This is the mail archive of the
libc-alpha@sourceware.org
mailing list for the glibc project.
Re: [PATCH] New condvar implementation that provides stronger ordering guarantees.
- From: Rich Felker <dalias at libc dot org>
- To: Torvald Riegel <triegel at redhat dot com>
- Cc: GLIBC Devel <libc-alpha at sourceware dot org>, Marcus Shawcroft <marcus dot shawcroft at gmail dot com>, "Joseph S. Myers" <joseph at codesourcery dot com>, Richard Henderson <rth at redhat dot com>, Carlos O'Donell <codonell at redhat dot com>, Mike Frysinger <vapier at gentoo dot org>, David Holsgrove <david dot holsgrove at xilinx dot com>, Chung-Lin Tang <chunglin_tang at mentor dot com>, Adhemerval Zanella <azanella at linux dot vnet dot ibm dot com>, Andreas Krebbel <krebbel at linux dot ibm dot com>, Kaz Kojima <kkojima at rr dot iij4u dot or dot jp>, Chris Metcalf <cmetcalf at tilera dot com>, David Miller <davem at davemloft dot net>, Darren Hart <dvhart at infradead dot org>
- Date: Sun, 22 Feb 2015 17:37:22 -0500
- Subject: Re: [PATCH] New condvar implementation that provides stronger ordering guarantees.
- Authentication-results: sourceware.org; auth=none
- References: <1424456307 dot 20941 dot 122 dot camel at triegel dot csb>
On Fri, Feb 20, 2015 at 07:18:27PM +0100, Torvald Riegel wrote:
> + Limitations:
> + * This condvar isn't designed to allow for more than
> + WSEQ_THRESHOLD * (1 << (sizeof(GENERATION) * 8 - 1)) calls to
> + __pthread_cond_wait. It probably only suffers from potential ABA issues
> + afterwards, but this hasn't been checked nor tested.
> + * More than (1 << (sizeof(QUIESCENCE_WAITERS) * 8) -1 concurrent waiters
> + are not supported.
> + * Beyond what is allowed as errors by POSIX or documented, we can also
> + return the following errors:
> + * EPERM if MUTEX is a recursive mutex and the caller doesn't own it.
This is not beyond POSIX; it's explicitly specified as a "shall fail".
> + * EOWNERDEAD or ENOTRECOVERABLE when using robust mutexes. Unlike
> + for other errors, this can happen when we re-acquire the mutex; this
> + isn't allowed by POSIX (which requires all errors to virtually happen
> + before we release the mutex or change the condvar state), but there's
> + nothing we can do really.
Likewise these are "shall fail" errors specified by POSIX, and while
it's not clearly written in the specification, it's clear that they
only happen on re-locking.
One ugly case I don't think you're prepared to handle is when
EOWNERDEAD happens in the cancellation cleanup path. There's no way
for the caller to know this error happened and thereby no way for it
to recover the state and make it consistent before unlocking the
mutex.
The new cancellation state I'm proposing (PTHREAD_CANCEL_MASKED; see
http://www.openwall.com/lists/musl/2015/02/22/1 for details) makes it
possible to solve this problem by refusing to act on cancellation
(leaving it pending), and instead returning as if by a spurious wake
occurring just before cancellation, so that the error can be reported.

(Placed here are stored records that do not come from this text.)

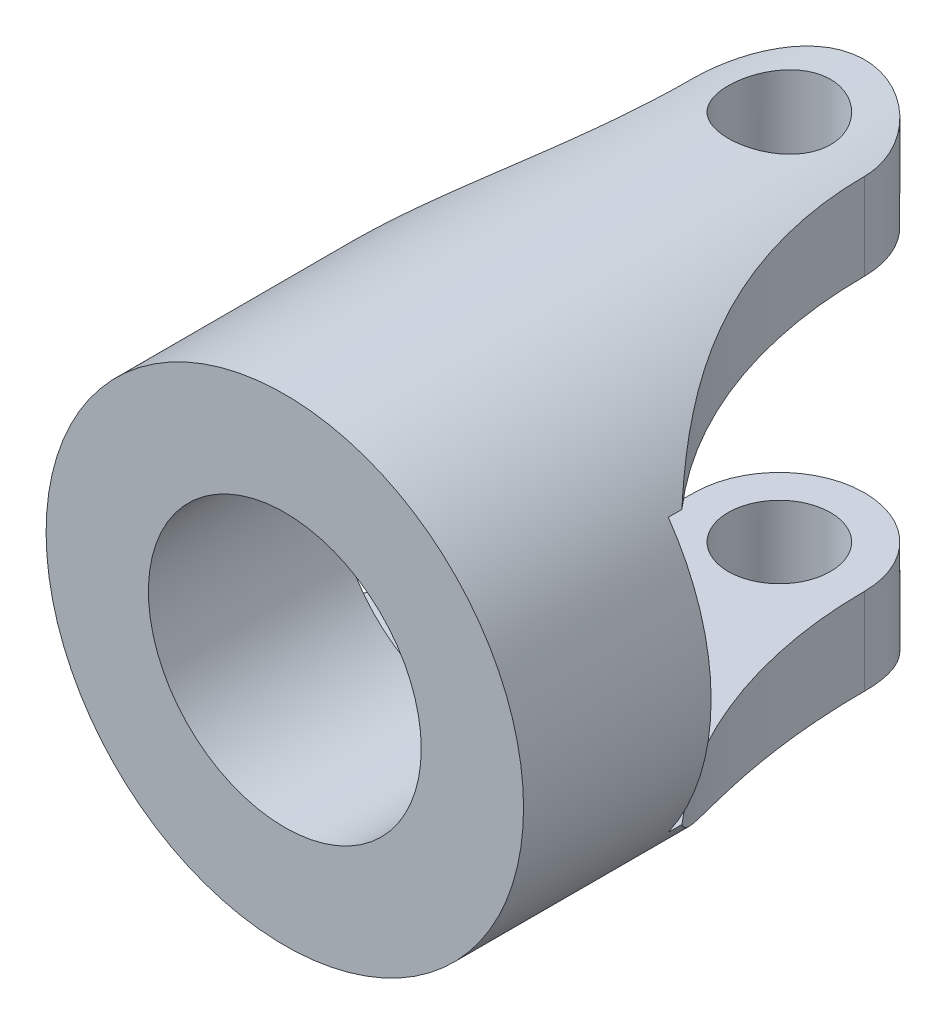
ISO-10303-21;
HEADER;
FILE_DESCRIPTION(('STEP AP214'),'2;1');
FILE_NAME('part.step','',(''),(''),'','','');
FILE_SCHEMA(('AUTOMOTIVE_DESIGN { 1 0 10303 214 1 1 1 1 }'));
ENDSEC;
DATA;
#1=APPLICATION_CONTEXT('core data for automotive mechanical design processes');
#2=APPLICATION_PROTOCOL_DEFINITION('international standard','automotive_design',2000,#1);
#3=PRODUCT_CONTEXT('',#1,'mechanical');
#4=PRODUCT('Part','Part','',(#3));
#5=PRODUCT_RELATED_PRODUCT_CATEGORY('part','',(#4));
#6=PRODUCT_DEFINITION_FORMATION('','',#4);
#7=PRODUCT_DEFINITION_CONTEXT('part definition',#1,'design');
#8=PRODUCT_DEFINITION('design','',#6,#7);
#9=PRODUCT_DEFINITION_SHAPE('','',#8);
#10=(LENGTH_UNIT() NAMED_UNIT(*) SI_UNIT(.MILLI.,.METRE.));
#11=(NAMED_UNIT(*) PLANE_ANGLE_UNIT() SI_UNIT($,.RADIAN.));
#12=(NAMED_UNIT(*) SI_UNIT($,.STERADIAN.) SOLID_ANGLE_UNIT());
#13=UNCERTAINTY_MEASURE_WITH_UNIT(LENGTH_MEASURE(1.E-05),#10,'distance_accuracy_value','');
#14=(GEOMETRIC_REPRESENTATION_CONTEXT(3) GLOBAL_UNCERTAINTY_ASSIGNED_CONTEXT((#13)) GLOBAL_UNIT_ASSIGNED_CONTEXT((#10,
#11,#12)) REPRESENTATION_CONTEXT('',''));
#15=CARTESIAN_POINT('',(0.,0.,0.));
#16=DIRECTION('',(0.,0.,1.));
#17=DIRECTION('',(1.,0.,0.));
#18=AXIS2_PLACEMENT_3D('',#15,#16,#17);
#19=CARTESIAN_POINT('',(15.5252924641516,-7.,2.49999999999999));
#20=DIRECTION('',(0.,1.,0.));
#21=DIRECTION('',(0.,0.,1.));
#22=AXIS2_PLACEMENT_3D('',#19,#20,#21);
#23=CYLINDRICAL_SURFACE('',#22,13.0252924641516);
#24=CARTESIAN_POINT('',(15.5252924641516,-4.,2.49999999999999));
#25=DIRECTION('',(0.,-1.,0.));
#26=DIRECTION('',(0.,0.,-1.));
#27=AXIS2_PLACEMENT_3D('',#24,#25,#26);
#28=CIRCLE('',#27,13.0252924641516);
#29=CARTESIAN_POINT('',(5.74456264653803,-4.,11.1020676590881));
#30=VERTEX_POINT('',#29);
#31=CARTESIAN_POINT('',(2.5,-4.,2.50000000000001));
#32=VERTEX_POINT('',#31);
#33=EDGE_CURVE('E214',#30,#32,#28,.T.);
#34=ORIENTED_EDGE('',*,*,#33,.F.);
#35=CARTESIAN_POINT('',(6.10944179749996,-3.41682907429687,11.5));
#36=CARTESIAN_POINT('',(6.02615043612414,-3.56583011685911,11.4128922592232));
#37=CARTESIAN_POINT('',(5.93902004569658,-3.70876486377794,11.3192863437269));
#38=CARTESIAN_POINT('',(5.75940528894502,-3.98193374571365,11.1199480037747));
#39=CARTESIAN_POINT('',(5.66692806532726,-4.11218422791262,11.0142315801889));
#40=CARTESIAN_POINT('',(5.47968286985627,-4.35853393156056,10.7924574427826));
#41=CARTESIAN_POINT('',(5.38494825839516,-4.47476496907049,10.6765173247532));
#42=CARTESIAN_POINT('',(5.19426751100973,-4.69476030451505,10.4342250507595));
#43=CARTESIAN_POINT('',(5.09832104261976,-4.7985210954455,10.3078699825658));
#44=CARTESIAN_POINT('',(4.90749815832674,-4.99349516349023,10.0463089632294));
#45=CARTESIAN_POINT('',(4.81261886046997,-5.0847633570035,9.91114587647508));
#46=CARTESIAN_POINT('',(4.62505937043369,-5.25594404672905,9.63241762070446));
#47=CARTESIAN_POINT('',(4.53237900874582,-5.3358574206296,9.48885310230227));
#48=CARTESIAN_POINT('',(4.350295714583,-5.48532966186036,9.19386345651681));
#49=CARTESIAN_POINT('',(4.26090170826441,-5.55486170298489,9.0424192826546));
#50=CARTESIAN_POINT('',(4.08671421862338,-5.6842356068071,8.73287615977507));
#51=CARTESIAN_POINT('',(4.0019217807948,-5.74407527343887,8.57477571279684));
#52=CARTESIAN_POINT('',(3.79560692774973,-5.88352862694064,8.1698795969028));
#53=CARTESIAN_POINT('',(3.67763284116535,-5.95747548144471,7.91930174018784));
#54=CARTESIAN_POINT('',(3.45656932715421,-6.08840179823093,7.40734393368045));
#55=CARTESIAN_POINT('',(3.35348653643574,-6.14537370711494,7.14595923386569));
#56=CARTESIAN_POINT('',(3.1635899931753,-6.24525636318539,6.61417438857178));
#57=CARTESIAN_POINT('',(3.07680820762161,-6.28813960265417,6.34375772867159));
#58=CARTESIAN_POINT('',(2.92081194382843,-6.36209962505024,5.7964055045007));
#59=CARTESIAN_POINT('',(2.85159374081515,-6.39317891198104,5.51947133605818));
#60=CARTESIAN_POINT('',(2.74308417319234,-6.44036123320998,5.01522442565958));
#61=CARTESIAN_POINT('',(2.7005897488202,-6.45820221408665,4.78875303305601));
#62=CARTESIAN_POINT('',(2.62763520223921,-6.4882265935956,4.33352453024262));
#63=CARTESIAN_POINT('',(2.59717406482752,-6.50041046951162,4.10476761452396));
#64=CARTESIAN_POINT('',(2.54857453262386,-6.51962297808358,3.64703753769739));
#65=CARTESIAN_POINT('',(2.53036805587216,-6.52668011052402,3.41807276830655));
#66=CARTESIAN_POINT('',(2.50607587658973,-6.53602376421927,2.95940440200552));
#67=CARTESIAN_POINT('',(2.49999011989542,-6.53831030679232,2.72970080840149));
#68=CARTESIAN_POINT('',(2.5,-6.53834841531101,2.5));
#69=B_SPLINE_CURVE_WITH_KNOTS('',3,(#35,#36,#37,#38,#39,#40,#41,#42,#43,#44,#45,#46,#47,#48,#49,
#50,#51,#52,#53,#54,#55,#56,#57,#58,#59,#60,#61,#62,#63,#64,#65,#66,#67,#68),.UNSPECIFIED.,.F.,
.F.,(4,2,2,2,2,2,2,2,2,2,2,2,2,2,2,2,4),(0.,0.574549319111911,1.14834809142456,1.71624292242607,
2.28429709046261,2.84976791821522,3.41519501322283,3.98205882849159,4.54905090274943,
5.40776572527381,6.26686208429532,7.1276259711365,7.98820715974643,8.68116528098377,
9.37406492747738,10.0630826089893,10.7520972114966),.UNSPECIFIED.);
#70=CARTESIAN_POINT('',(2.5,-6.53834841531101,2.50000000000001));
#71=VERTEX_POINT('',#70);
#72=EDGE_CURVE('E298',#30,#71,#69,.T.);
#73=ORIENTED_EDGE('',*,*,#72,.T.);
#74=DIRECTION('',(0.,1.,0.));
#75=VECTOR('',#74,1.);
#76=CARTESIAN_POINT('',(2.5,-7.,2.50000000000001));
#77=LINE('',#76,#75);
#78=EDGE_CURVE('E226',#71,#32,#77,.T.);
#79=ORIENTED_EDGE('',*,*,#78,.T.);
#80=EDGE_LOOP('',(#34,#73,#79));
#81=FACE_BOUND('',#80,.T.);
#82=ADVANCED_FACE('F103',(#81),#23,.F.);
#83=CARTESIAN_POINT('',(-15.5252924641516,-7.,2.5));
#84=DIRECTION('',(0.,1.,0.));
#85=DIRECTION('',(0.,0.,1.));
#86=AXIS2_PLACEMENT_3D('',#83,#84,#85);
#87=CYLINDRICAL_SURFACE('',#86,13.0252924641516);
#88=CARTESIAN_POINT('',(-6.10944179749996,-3.41682907429687,11.5));
#89=CARTESIAN_POINT('',(-6.02615043612414,-3.56583011685911,11.4128922592233));
#90=CARTESIAN_POINT('',(-5.93902004569658,-3.70876486377794,11.319286343727));
#91=CARTESIAN_POINT('',(-5.75940528894502,-3.98193374571365,11.1199480037748));
#92=CARTESIAN_POINT('',(-5.66692806532726,-4.11218422791262,11.0142315801889));
#93=CARTESIAN_POINT('',(-5.47968286985627,-4.35853393156056,10.7924574427827));
#94=CARTESIAN_POINT('',(-5.38494825839516,-4.47476496907049,10.6765173247532));
#95=CARTESIAN_POINT('',(-5.19426751100972,-4.69476030451505,10.4342250507595));
#96=CARTESIAN_POINT('',(-5.09832104261976,-4.7985210954455,10.3078699825658));
#97=CARTESIAN_POINT('',(-4.90749815832674,-4.99349516349023,10.0463089632294));
#98=CARTESIAN_POINT('',(-4.81261886046997,-5.0847633570035,9.91114587647508));
#99=CARTESIAN_POINT('',(-4.62505937043368,-5.25594404672905,9.63241762070447));
#100=CARTESIAN_POINT('',(-4.53237900874582,-5.3358574206296,9.48885310230227));
#101=CARTESIAN_POINT('',(-4.350295714583,-5.48532966186036,9.19386345651681));
#102=CARTESIAN_POINT('',(-4.2609017082644,-5.55486170298489,9.04241928265461));
#103=CARTESIAN_POINT('',(-4.08671421862337,-5.68423560680711,8.73287615977508));
#104=CARTESIAN_POINT('',(-4.0019217807948,-5.74407527343887,8.57477571279685));
#105=CARTESIAN_POINT('',(-3.79560692774972,-5.88352862694064,8.1698795969028));
#106=CARTESIAN_POINT('',(-3.67763284116535,-5.95747548144471,7.91930174018785));
#107=CARTESIAN_POINT('',(-3.45656932715421,-6.08840179823093,7.40734393368045));
#108=CARTESIAN_POINT('',(-3.35348653643574,-6.14537370711494,7.14595923386569));
#109=CARTESIAN_POINT('',(-3.1635899931753,-6.24525636318539,6.61417438857178));
#110=CARTESIAN_POINT('',(-3.07680820762161,-6.28813960265417,6.3437577286716));
#111=CARTESIAN_POINT('',(-2.92081194382843,-6.36209962505024,5.7964055045007));
#112=CARTESIAN_POINT('',(-2.85159374081515,-6.39317891198104,5.51947133605819));
#113=CARTESIAN_POINT('',(-2.74308417319234,-6.44036123320998,5.01522442565958));
#114=CARTESIAN_POINT('',(-2.7005897488202,-6.45820221408665,4.78875303305601));
#115=CARTESIAN_POINT('',(-2.62763520223921,-6.48822659359561,4.33352453024262));
#116=CARTESIAN_POINT('',(-2.59717406482752,-6.50041046951162,4.10476761452397));
#117=CARTESIAN_POINT('',(-2.54857453262385,-6.51962297808358,3.64703753769739));
#118=CARTESIAN_POINT('',(-2.53036805587215,-6.52668011052402,3.41807276830655));
#119=CARTESIAN_POINT('',(-2.50607587658973,-6.53602376421927,2.95940440200552));
#120=CARTESIAN_POINT('',(-2.49999011989542,-6.53831030679232,2.72970080840149));
#121=CARTESIAN_POINT('',(-2.5,-6.53834841531101,2.5));
#122=B_SPLINE_CURVE_WITH_KNOTS('',3,(#88,#89,#90,#91,#92,#93,#94,#95,#96,#97,#98,#99,#100,#101,
#102,#103,#104,#105,#106,#107,#108,#109,#110,#111,#112,#113,#114,#115,#116,#117,#118,#119,#120,
#121),.UNSPECIFIED.,.F.,.F.,(4,2,2,2,2,2,2,2,2,2,2,2,2,2,2,2,4),(0.,0.57454931911191,
1.14834809142456,1.71624292242607,2.28429709046262,2.84976791821522,3.41519501322284,
3.98205882849159,4.54905090274943,5.40776572527381,6.26686208429533,7.1276259711365,
7.98820715974643,8.68116528098377,9.37406492747738,10.0630826089894,10.7520972114966),.UNSPECIFIED.);
#123=CARTESIAN_POINT('',(-5.74456264653803,-4.,11.1020676590881));
#124=VERTEX_POINT('',#123);
#125=CARTESIAN_POINT('',(-2.5,-6.53834841531101,2.5));
#126=VERTEX_POINT('',#125);
#127=EDGE_CURVE('E320',#124,#126,#122,.T.);
#128=ORIENTED_EDGE('',*,*,#127,.F.);
#129=CARTESIAN_POINT('',(-15.5252924641516,-4.,2.5));
#130=DIRECTION('',(0.,-1.,0.));
#131=DIRECTION('',(0.,0.,-1.));
#132=AXIS2_PLACEMENT_3D('',#129,#130,#131);
#133=CIRCLE('',#132,13.0252924641516);
#134=CARTESIAN_POINT('',(-2.5,-4.,2.5));
#135=VERTEX_POINT('',#134);
#136=EDGE_CURVE('E12',#124,#135,#133,.F.);
#137=ORIENTED_EDGE('',*,*,#136,.T.);
#138=DIRECTION('',(0.,1.,0.));
#139=VECTOR('',#138,1.);
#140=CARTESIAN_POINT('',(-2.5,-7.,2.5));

> + * EAGAIN if MUTEX is a recursive mutex and trying to lock it exceeded
> + the maximum number of recursive locks. The caller cannot expect to own
> + MUTEX.
This can't happen since the lock count was already decremented once
and is only incremented back to its original value. (And in practice
the original value has to be exactly 1 or other threads could never
modify the state on which the predicate depends.)
> + * When using PTHREAD_MUTEX_PP_* mutexes, we can also return all errors
> + returned by __pthread_tpp_change_priority. We will already have
> + released the mutex in such cases, so the caller cannot expect to own
> + MUTEX.
This seems correct. This is another case where you would want to be
able to suppress acting upon cancellation and instead cause a spurious
wake.
> + Other notes:
> + * Instead of the normal mutex unlock / lock functions, we use
> + __pthread_mutex_unlock_usercnt(m, 0) / __pthread_mutex_cond_lock(m)
> + because those will not change the mutex-internal users count, so that it
> + can be detected when a condvar is still associated with a particular
> + mutex because there is a waiter blocked on this condvar using this mutex.
I don't follow. What is this users count? Is it the recursive lock
count or something else? Why do you want to be able to detect that
it's associated with a cv? Note that it could be associated with more
than one cv.
Rich